ATLANTA - Georgia officials are working to make arrangements to ensure state employees whose salaries and benefits are paid with federal funds don't lose access to health insurance during the shutdown of the federal government, Gov. Nathan Deal said Wednesday.
It's one example of efforts the state is taking to deal with effects of the shutdown, which began Tuesday. Deal cautioned, however, that covering health insurance for those employees is not something the state could do indefinitely. Deal said he believes Georgia should be able to weather the shutdown without disruption as long as it's resolved by the end of the month.
"Overall, we are in fairly good shape," Deal told reporters after a ceremony for the Governor's Awards for the Arts & Humanities. "Most of our programs are funded with state money."
Deal reiterated entitlement programs funded by the federal government, including Social Security, would continue. It was not immediately clear how many state employees' salaries and benefits are paid for with federal funds.

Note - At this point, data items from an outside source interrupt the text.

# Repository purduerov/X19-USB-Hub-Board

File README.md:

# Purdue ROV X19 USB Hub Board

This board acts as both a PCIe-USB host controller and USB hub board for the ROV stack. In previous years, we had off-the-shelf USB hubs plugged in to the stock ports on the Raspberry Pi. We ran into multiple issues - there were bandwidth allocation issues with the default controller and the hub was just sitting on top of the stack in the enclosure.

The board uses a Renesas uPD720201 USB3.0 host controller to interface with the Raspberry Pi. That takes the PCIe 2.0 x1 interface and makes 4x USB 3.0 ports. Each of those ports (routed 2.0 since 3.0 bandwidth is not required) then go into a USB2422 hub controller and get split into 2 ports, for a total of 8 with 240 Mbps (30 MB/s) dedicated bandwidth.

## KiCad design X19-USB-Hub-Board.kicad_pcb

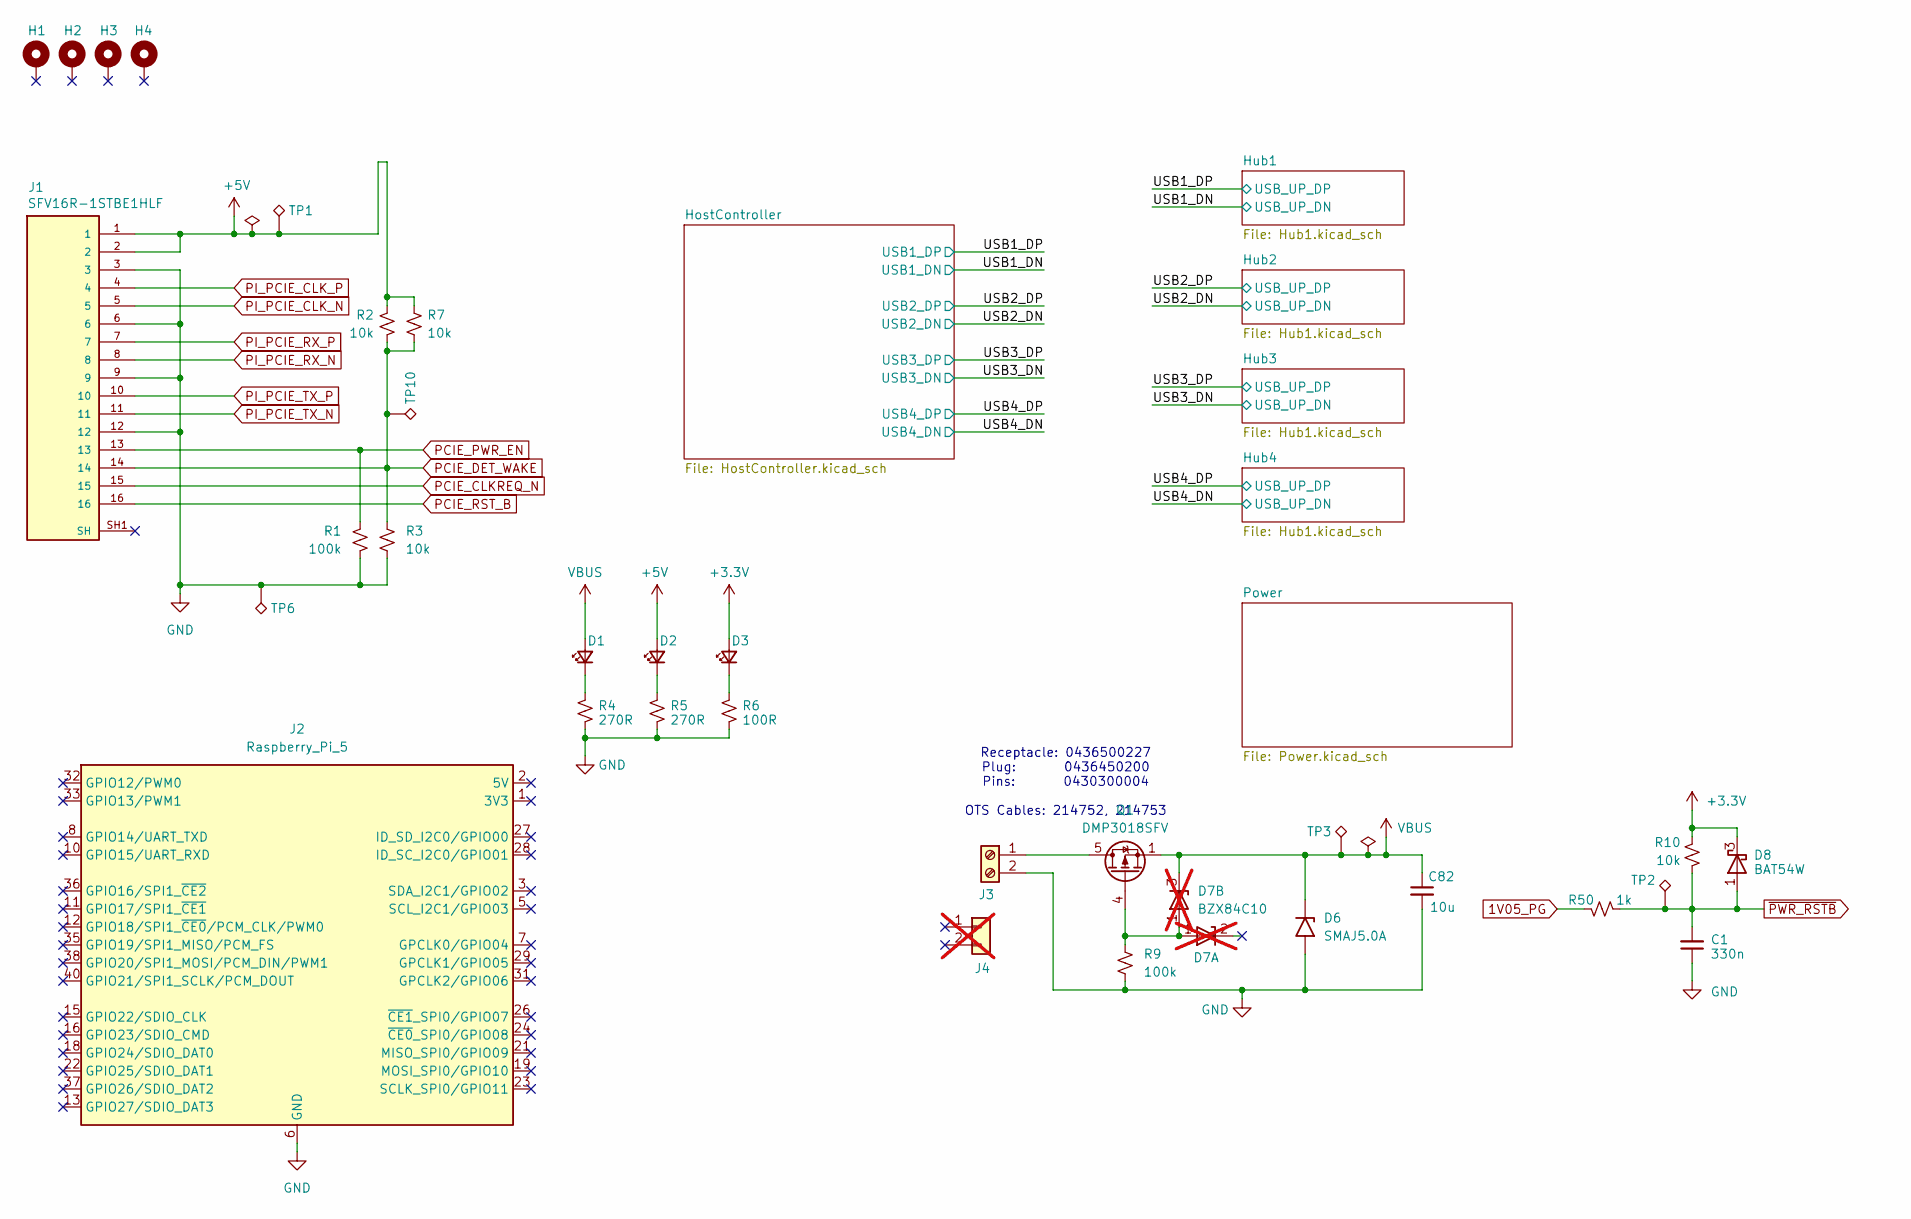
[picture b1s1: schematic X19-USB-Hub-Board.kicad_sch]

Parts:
C1: 330n; C_0402_1005Metric; Part Number CC0402KPX5R6BB334
C82: 10u; C_0805_2012Metric; Part Number CC0805KRX5R8BB106
D1, D2, D3: LED_Small; LED_0603_1608Metric; Part Number LTST-C190GKT
D6: SMAJ5.0A; D_SMA; Part Number SMAJ5.0A
D7: BZX84C10; SOT-23; Part Number BZX84C10; not fitted
D8: BAT54W; SOT-323_SC-70; Part Number BAT54WT-TP
H1, H2, H3, H4: MountingHole_Pad; MountingHole_2.7mm_M2.5_Pad
J1: SFV16R-1STBE1HLF; AMPHENOL_SFV16R-1STBE1HLF; PARTREV B; DigiKey 609-1786-1-ND
J2: Raspberry_Pi_5; PinSocket_2x20_P2.54mm_Vertical; Part Number 1528-1385-ND
J3: 0436500227; Part Number 0436500227
J4: 0436450200; Part Number 0436450200; not fitted
Q1: DMP3018SFV; Diodes_PowerDI3333-8; Part Number DMP3018SFV
R1, R9: 100k; R_0603_1608Metric; Part Number RC0603FR-07100KL
R2, R3, R7, R10: 10k; R_0402_1005Metric; Part Number RC0402FR-0710KL
R4, R5: 270R; R_0603_1608Metric; Part Number RC0603FR-07270RL
R6: 100R; R_0603_1608Metric; Part Number RC0603FR-07100RL
R50: 1k; R_0402_1005Metric; Part Number RC0402FR-071KL
TP1: 5V; TestPoint_Pad_D1.0mm
TP2: ~{PWR_RST}; TestPoint_Pad_D1.0mm
TP3: VBUS; TestPoint_Pad_D1.0mm
TP6: GND; TestPoint_Pad_D1.0mm
TP10: PCIE_DET_WAKE; TestPoint_Pad_D1.0mm

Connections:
1V05_PG: R50.1; also elsewhere on the board
+3.3V: D3.2 (A), D8.3 (K), R10.1; also elsewhere on the board
+5V: D2.2 (A), J1.1, J1.2, R2.1, R7.1, TP1.1 (1_1); also elsewhere on the board
GND: C1.1, C82.2, D6.2 (A2), J1.3, J1.6, J1.9, J1.12, J2.6 (GND), J2.9 (GND), J2.14 (GND), J2.20 (GND), J2.25 (GND), J2.30 (GND), J2.34 (GND), J2.39 (GND), J3.2, R1.2, R3.2, R4.1, R5.1, R6.1, R9.2, TP6.1 (1_1); also elsewhere on the board
unnamed: D1.1 (K), R4.2
unnamed: D2.1 (K), R5.2
unnamed: D3.1 (K), R6.2
unnamed: D7.1 (A), Q1.4 (G), R9.1
unnamed: J3.1, Q1.5 (D)
PCIE_CLKREQ_N: J1.15; also elsewhere on the board
PCIE_DET_WAKE: J1.14, R2.2, R3.1, R7.2, TP10.1 (1_1)
PCIE_PWR_EN: J1.13, R1.1; also elsewhere on the board
PCIE_RST_B: J1.16; also elsewhere on the board
PI_PCIE_CLK_N: J1.5; also elsewhere on the board
PI_PCIE_CLK_P: J1.4; also elsewhere on the board
PI_PCIE_RX_N: J1.8; also elsewhere on the board
PI_PCIE_RX_P: J1.7; also elsewhere on the board
PI_PCIE_TX_N: J1.11; also elsewhere on the board
PI_PCIE_TX_P: J1.10; also elsewhere on the board
VBUS: C82.1, D1.2 (A), D6.1 (A1), D7.3 (K), Q1.1 (S), Q1.2 (S), Q1.3 (S), TP3.1 (1_1); also elsewhere on the board
~PWR_RSTB: C1.2, D8.1 (A), R10.2, R50.2, TP2.1 (1_1); also elsewhere on the board

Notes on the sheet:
Receptacle: 0436500227 Plug: 0436450200 Pins: 0430300004 OTS Cables: 214752, 214753

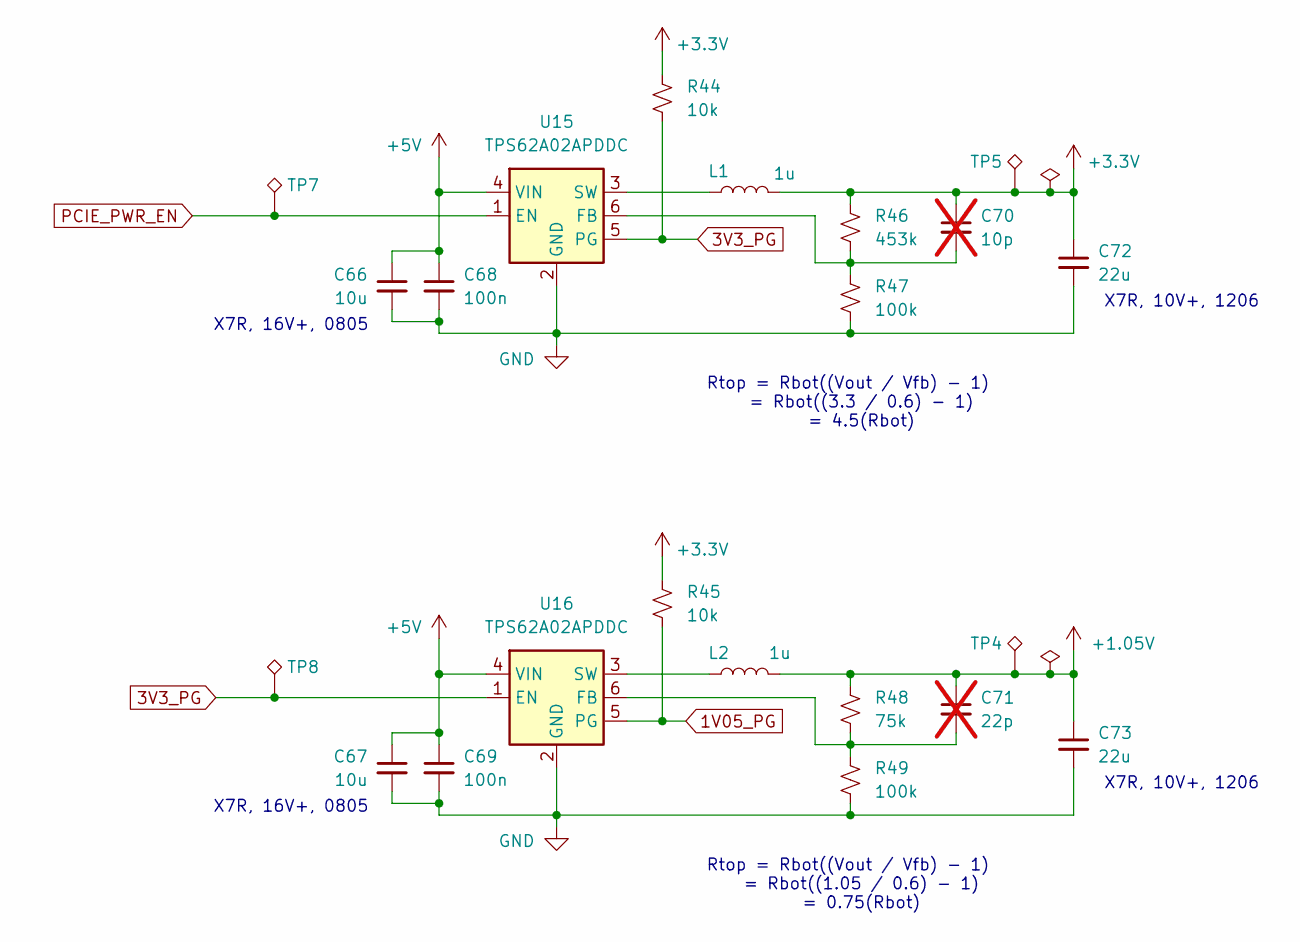
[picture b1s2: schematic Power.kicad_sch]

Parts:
C66, C67: 10u; C_0805_2012Metric; Part Number CC0805KRX5R8BB106
C68, C69: 100n; C_0402_1005Metric; Part Number CC0402KRX7R8BB104
C70: 10p; C_0402_1005Metric; Part Number CC0402JRNPO9BN100; not fitted
C71: 22p; C_0402_1005Metric; Part Number CC0402JRNPO9BN220; not fitted
C72, C73: 22u; C_1206_3216Metric; Part Number CC1206KKX5R8BB226
L1, L2: 1u; L_1008_2520Metric; Part Number DFE252012F-1R0M
R44, R45: 10k; R_0402_1005Metric; Part Number RC0402FR-0710KL
R46: 453k; R_0603_1608Metric; Part Number RC0603FR-07453KL
R47, R49: 100k; R_0603_1608Metric; Part Number RC0603FR-07100KL
R48: 75k; R_0603_1608Metric; Part Number RC0603FR-0775KL
TP4: 1V05; TestPoint_Pad_D1.0mm
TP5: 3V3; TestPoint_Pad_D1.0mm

In terms of the state's new federally run health insurance exchange, Deal said he was not surprised people reported trouble logging onto the electronic system during Tuesday's debut and was hopeful the exchanges "will become more functional."
"We are all watching and waiting with expectations that certainly something will get better," Deal said. "This is not something that should be unexpected. They knew this was coming, they knew it was coming for a long time. But it's obviously not as simple to put these things in place as people thought it would be."
Across the country, a combination of high demand and technical glitches overwhelmed online systems early Tuesday, which was the first day the public could purchase insurance coverage on the system. The open enrollment period lasts six months and the new coverage will not take effect until Jan. 1.
Deal said he was concerned about reports of discrepancies in premiums across the state under the health insurance exchange. He said the state insurance commissioner would be looking into the issue, and acknowledges part of the problem could be the availability of medical personnel in certain areas who are willing to participate in the health insurance exchange.